Among all Bitcoin spot ETFs, BlackRock’s iShares Bitcoin Trust (IBIT) has suffered the heaviest damage, with net outflows reaching $2.13 billion over five weeks, accounting for more than 56% of the total outflows. For IBIT, which was hailed as “the most successful ETF launch in history” and raised over $50 billion in its first year, this is undoubtedly a warning sign.

The report indicates that this ongoing capital outflow reflects institutional caution following the crash in October last year, when exchange risks exposed Bitcoin’s vulnerabilities. This event continues to influence institutional investors’ risk appetite today.

Three major bearish factors converge

The ETF outflows may be driven by three pressures:

  • Geopolitical risks: Rising tensions between the U.S. and Iran have heightened market risk aversion.
  • Tariff policy impacts: President Trump’s latest global tariff announcements have increased market uncertainty.
  • Technical weakness: Technical indicators on Bitcoin’s price charts have weakened, further dampening buying interest.

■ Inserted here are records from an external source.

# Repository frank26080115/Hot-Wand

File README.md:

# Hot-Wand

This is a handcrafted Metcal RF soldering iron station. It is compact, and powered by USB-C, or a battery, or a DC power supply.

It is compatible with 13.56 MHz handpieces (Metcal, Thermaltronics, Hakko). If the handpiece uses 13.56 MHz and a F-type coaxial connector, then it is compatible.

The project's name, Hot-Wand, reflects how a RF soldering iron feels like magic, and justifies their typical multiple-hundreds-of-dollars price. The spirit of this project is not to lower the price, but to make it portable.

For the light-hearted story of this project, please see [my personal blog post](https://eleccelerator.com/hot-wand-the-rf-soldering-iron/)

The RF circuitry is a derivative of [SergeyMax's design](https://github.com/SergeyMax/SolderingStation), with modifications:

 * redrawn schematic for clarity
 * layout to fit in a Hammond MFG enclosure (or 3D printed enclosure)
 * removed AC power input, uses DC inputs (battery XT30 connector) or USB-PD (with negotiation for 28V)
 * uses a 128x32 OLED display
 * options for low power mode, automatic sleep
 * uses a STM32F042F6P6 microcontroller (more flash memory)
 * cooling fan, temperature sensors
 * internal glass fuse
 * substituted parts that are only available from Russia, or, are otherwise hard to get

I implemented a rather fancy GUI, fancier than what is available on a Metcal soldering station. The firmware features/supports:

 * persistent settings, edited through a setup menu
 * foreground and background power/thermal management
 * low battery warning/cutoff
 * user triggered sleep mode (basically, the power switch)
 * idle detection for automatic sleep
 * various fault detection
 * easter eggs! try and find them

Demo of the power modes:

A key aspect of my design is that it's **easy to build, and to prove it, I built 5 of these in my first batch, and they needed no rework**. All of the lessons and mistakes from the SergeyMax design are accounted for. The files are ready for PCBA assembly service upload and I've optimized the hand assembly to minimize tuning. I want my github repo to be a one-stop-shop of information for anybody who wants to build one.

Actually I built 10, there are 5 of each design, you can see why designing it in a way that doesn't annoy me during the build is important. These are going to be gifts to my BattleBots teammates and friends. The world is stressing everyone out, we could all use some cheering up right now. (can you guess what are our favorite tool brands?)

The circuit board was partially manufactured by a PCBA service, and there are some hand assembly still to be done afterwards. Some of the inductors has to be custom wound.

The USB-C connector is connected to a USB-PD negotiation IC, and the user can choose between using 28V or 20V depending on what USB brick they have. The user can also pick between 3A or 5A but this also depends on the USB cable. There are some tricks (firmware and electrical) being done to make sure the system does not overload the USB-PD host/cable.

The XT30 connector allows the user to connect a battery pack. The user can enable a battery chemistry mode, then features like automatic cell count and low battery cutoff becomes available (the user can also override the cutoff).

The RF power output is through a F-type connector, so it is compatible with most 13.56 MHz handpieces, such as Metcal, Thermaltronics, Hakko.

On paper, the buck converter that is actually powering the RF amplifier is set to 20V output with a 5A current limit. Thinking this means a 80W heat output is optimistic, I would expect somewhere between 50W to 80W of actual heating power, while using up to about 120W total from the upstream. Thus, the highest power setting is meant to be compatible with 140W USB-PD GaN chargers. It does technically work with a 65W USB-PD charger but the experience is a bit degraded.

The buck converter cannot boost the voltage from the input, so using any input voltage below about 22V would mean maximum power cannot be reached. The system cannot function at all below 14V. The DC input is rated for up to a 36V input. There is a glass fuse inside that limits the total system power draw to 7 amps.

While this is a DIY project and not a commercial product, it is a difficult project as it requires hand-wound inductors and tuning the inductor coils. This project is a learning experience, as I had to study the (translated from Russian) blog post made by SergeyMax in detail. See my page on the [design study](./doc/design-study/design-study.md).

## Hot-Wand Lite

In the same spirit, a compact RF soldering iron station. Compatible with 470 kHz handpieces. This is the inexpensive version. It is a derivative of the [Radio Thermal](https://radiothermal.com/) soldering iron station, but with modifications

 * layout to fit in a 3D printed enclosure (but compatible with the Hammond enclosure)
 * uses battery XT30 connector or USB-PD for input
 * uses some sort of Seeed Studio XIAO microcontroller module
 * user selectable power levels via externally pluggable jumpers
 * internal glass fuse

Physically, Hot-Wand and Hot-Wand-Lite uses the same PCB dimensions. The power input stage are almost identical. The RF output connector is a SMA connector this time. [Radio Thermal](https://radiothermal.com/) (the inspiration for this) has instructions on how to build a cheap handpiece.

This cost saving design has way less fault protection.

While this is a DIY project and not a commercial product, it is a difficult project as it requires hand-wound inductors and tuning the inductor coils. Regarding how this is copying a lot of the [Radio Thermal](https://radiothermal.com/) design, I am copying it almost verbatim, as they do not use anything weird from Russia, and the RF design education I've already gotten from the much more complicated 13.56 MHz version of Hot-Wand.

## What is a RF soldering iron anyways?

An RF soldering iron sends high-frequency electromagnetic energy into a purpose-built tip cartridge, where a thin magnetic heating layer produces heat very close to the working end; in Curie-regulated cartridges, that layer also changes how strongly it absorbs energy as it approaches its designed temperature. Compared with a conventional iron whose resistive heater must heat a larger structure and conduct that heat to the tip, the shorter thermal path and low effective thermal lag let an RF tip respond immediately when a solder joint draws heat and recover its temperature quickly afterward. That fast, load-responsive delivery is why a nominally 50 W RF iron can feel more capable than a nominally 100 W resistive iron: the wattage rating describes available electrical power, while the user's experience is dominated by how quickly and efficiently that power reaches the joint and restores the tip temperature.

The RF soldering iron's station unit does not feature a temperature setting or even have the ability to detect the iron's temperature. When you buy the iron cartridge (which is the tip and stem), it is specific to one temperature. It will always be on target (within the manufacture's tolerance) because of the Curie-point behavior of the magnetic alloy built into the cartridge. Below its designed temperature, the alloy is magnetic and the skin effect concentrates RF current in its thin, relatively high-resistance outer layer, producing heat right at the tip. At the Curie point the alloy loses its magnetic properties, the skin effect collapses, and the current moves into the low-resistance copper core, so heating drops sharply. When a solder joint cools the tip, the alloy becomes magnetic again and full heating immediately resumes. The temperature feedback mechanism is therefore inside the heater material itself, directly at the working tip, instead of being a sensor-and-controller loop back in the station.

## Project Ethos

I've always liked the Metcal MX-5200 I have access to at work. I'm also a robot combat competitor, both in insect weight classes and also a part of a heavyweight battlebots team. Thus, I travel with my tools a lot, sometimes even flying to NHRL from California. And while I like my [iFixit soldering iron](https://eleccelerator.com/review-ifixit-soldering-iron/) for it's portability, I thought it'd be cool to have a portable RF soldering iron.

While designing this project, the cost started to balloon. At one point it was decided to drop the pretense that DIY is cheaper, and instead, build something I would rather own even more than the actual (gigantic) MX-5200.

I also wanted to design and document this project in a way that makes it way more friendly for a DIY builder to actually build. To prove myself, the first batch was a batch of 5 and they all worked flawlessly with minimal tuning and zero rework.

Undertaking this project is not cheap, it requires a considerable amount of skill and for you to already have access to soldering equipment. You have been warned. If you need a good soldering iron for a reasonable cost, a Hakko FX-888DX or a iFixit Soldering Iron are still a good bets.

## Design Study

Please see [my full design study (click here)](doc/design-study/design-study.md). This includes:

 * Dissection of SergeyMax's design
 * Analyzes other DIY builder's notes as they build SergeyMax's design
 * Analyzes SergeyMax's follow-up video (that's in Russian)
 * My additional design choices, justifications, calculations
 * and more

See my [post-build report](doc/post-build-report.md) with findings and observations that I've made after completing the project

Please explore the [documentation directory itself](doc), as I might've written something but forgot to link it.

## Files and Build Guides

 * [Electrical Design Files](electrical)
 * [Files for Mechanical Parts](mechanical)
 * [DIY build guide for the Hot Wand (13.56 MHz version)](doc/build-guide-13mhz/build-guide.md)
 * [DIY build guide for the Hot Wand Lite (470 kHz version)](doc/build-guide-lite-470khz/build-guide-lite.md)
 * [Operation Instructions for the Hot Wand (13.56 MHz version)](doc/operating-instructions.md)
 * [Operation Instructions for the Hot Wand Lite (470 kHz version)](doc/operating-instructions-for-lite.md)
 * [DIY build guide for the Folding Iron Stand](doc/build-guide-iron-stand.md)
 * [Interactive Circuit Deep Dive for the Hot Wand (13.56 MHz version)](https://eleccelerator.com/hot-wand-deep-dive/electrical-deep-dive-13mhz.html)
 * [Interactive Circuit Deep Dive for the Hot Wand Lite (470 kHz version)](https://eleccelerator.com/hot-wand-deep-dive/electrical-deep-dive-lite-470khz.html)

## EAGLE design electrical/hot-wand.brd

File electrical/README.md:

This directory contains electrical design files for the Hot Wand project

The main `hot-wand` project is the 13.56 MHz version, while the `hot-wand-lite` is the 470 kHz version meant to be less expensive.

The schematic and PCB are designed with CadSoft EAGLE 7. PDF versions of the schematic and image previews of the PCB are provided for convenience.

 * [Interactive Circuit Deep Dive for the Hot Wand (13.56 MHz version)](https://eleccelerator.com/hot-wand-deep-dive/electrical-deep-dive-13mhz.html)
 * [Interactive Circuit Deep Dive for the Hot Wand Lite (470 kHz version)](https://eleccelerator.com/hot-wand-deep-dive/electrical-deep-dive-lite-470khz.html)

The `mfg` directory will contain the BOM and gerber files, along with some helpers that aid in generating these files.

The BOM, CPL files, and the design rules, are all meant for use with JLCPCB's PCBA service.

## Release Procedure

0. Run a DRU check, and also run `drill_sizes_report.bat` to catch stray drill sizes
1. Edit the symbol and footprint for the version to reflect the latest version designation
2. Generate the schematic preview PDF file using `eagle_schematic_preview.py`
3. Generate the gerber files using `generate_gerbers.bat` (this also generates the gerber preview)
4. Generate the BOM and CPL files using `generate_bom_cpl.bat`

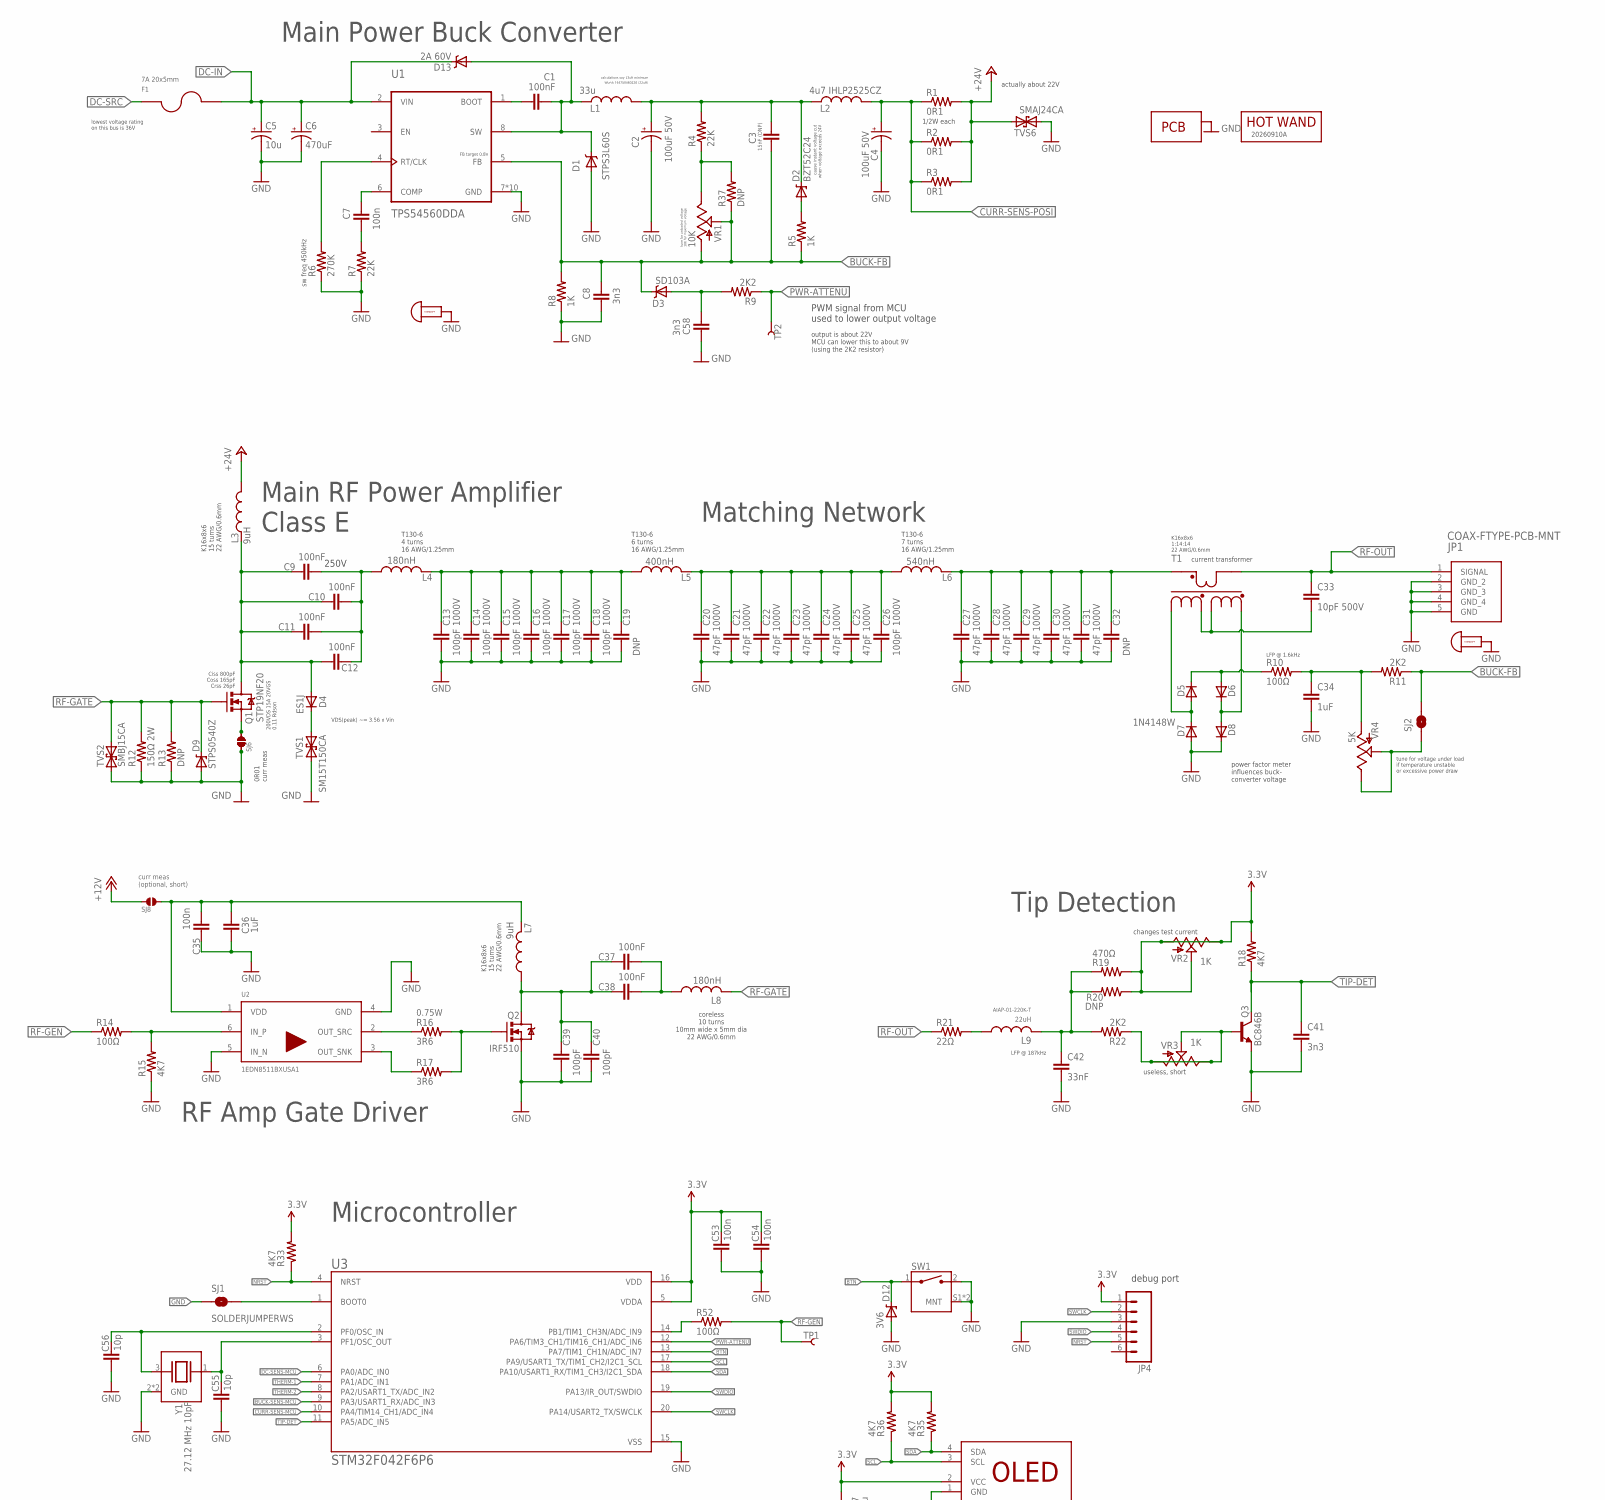
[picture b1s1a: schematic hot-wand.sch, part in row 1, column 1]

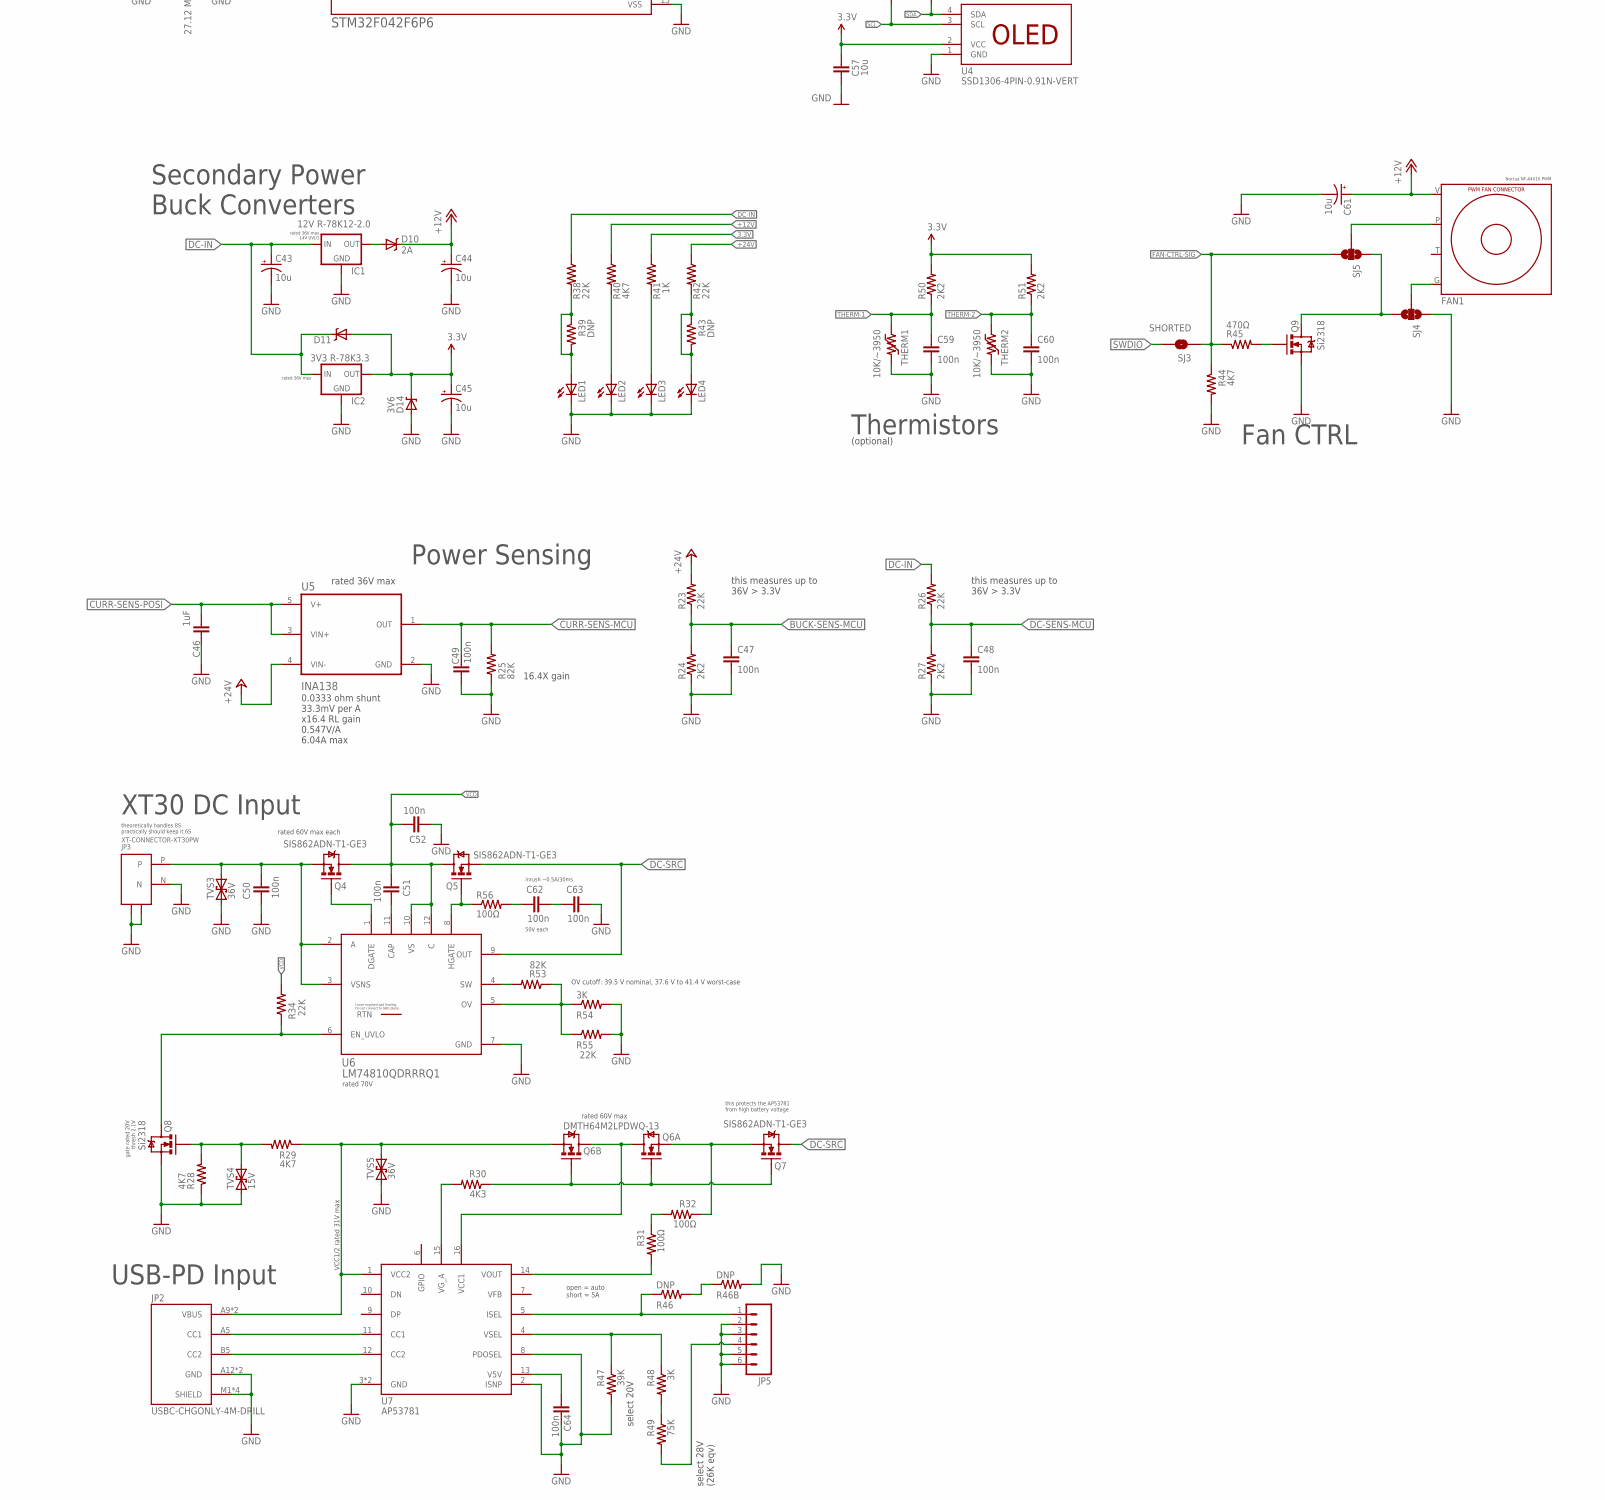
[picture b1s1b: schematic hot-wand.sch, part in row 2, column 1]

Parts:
C1: 100nF; 0603-CAP; JLCPARTNUM C14663
C2: 100uF 50V; CPOL-RADIAL-COMBO-10MM; PARTNUM EEU-FR1H101B;EEU-FR1J101B; JLC-DNP 1
C3: 15nF (DNP); 0805; JLC-DNP 1
C4: 100uF 50V; CPOL-RADIAL-COMBO-10MM; JLC-DNP 1
C5, C43, C61: 10u; EIA3216-KIT; PARTNUM MLASU31LBB5106KTNA01;GRT31CR61H106KE01K; JLCPARTNUM C13585
C6: 470uF; CPOL-RADIAL-1000UF-25V; PARTNUM UHW1H471MPD;EEU-FR1H471;EEU-FR1H471B; JLC-DNP 1
C7, C35, C48, C49, C50, C51, C52, C53, C54, C59, C60, C62, C63, C64: 100n; 0603-CAP; JLCPARTNUM C14663
C8, C41, C58: 3n3; 0603-CAP; JLCPARTNUM C1613
C9, C10, C11, C12, C37, C38: 100nF; 0805-L; PARTNUM CHV0805N250104KXT;MBASQ21GAB7104KTCA01;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; JLCPARTNUM C5182461
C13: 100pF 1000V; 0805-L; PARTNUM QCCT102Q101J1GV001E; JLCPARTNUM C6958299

Historical comparison: Lessons from 2025

It’s worth noting that similar consecutive outflow records occurred in February 2025, but the scale was even more severe—about $5 billion was redeemed over five weeks. What’s more concerning is that after that wave of outflows, Bitcoin briefly dropped to $75,000 in early April.

If history repeats itself, the current $3.8 billion outflow could just be the prelude, and larger corrections may follow, which will be closely watched by the market.

However, some analysts hold a different view. Previously, JPMorgan pointed out that Bitcoin’s risk-adjusted attractiveness surpasses gold, with long-term explosive potential not to be underestimated. Short-term ETF fund flows do not necessarily reflect the true stance of long-term institutional investors; some outflows may be tactical adjustments by hedge funds rather than fundamental shifts.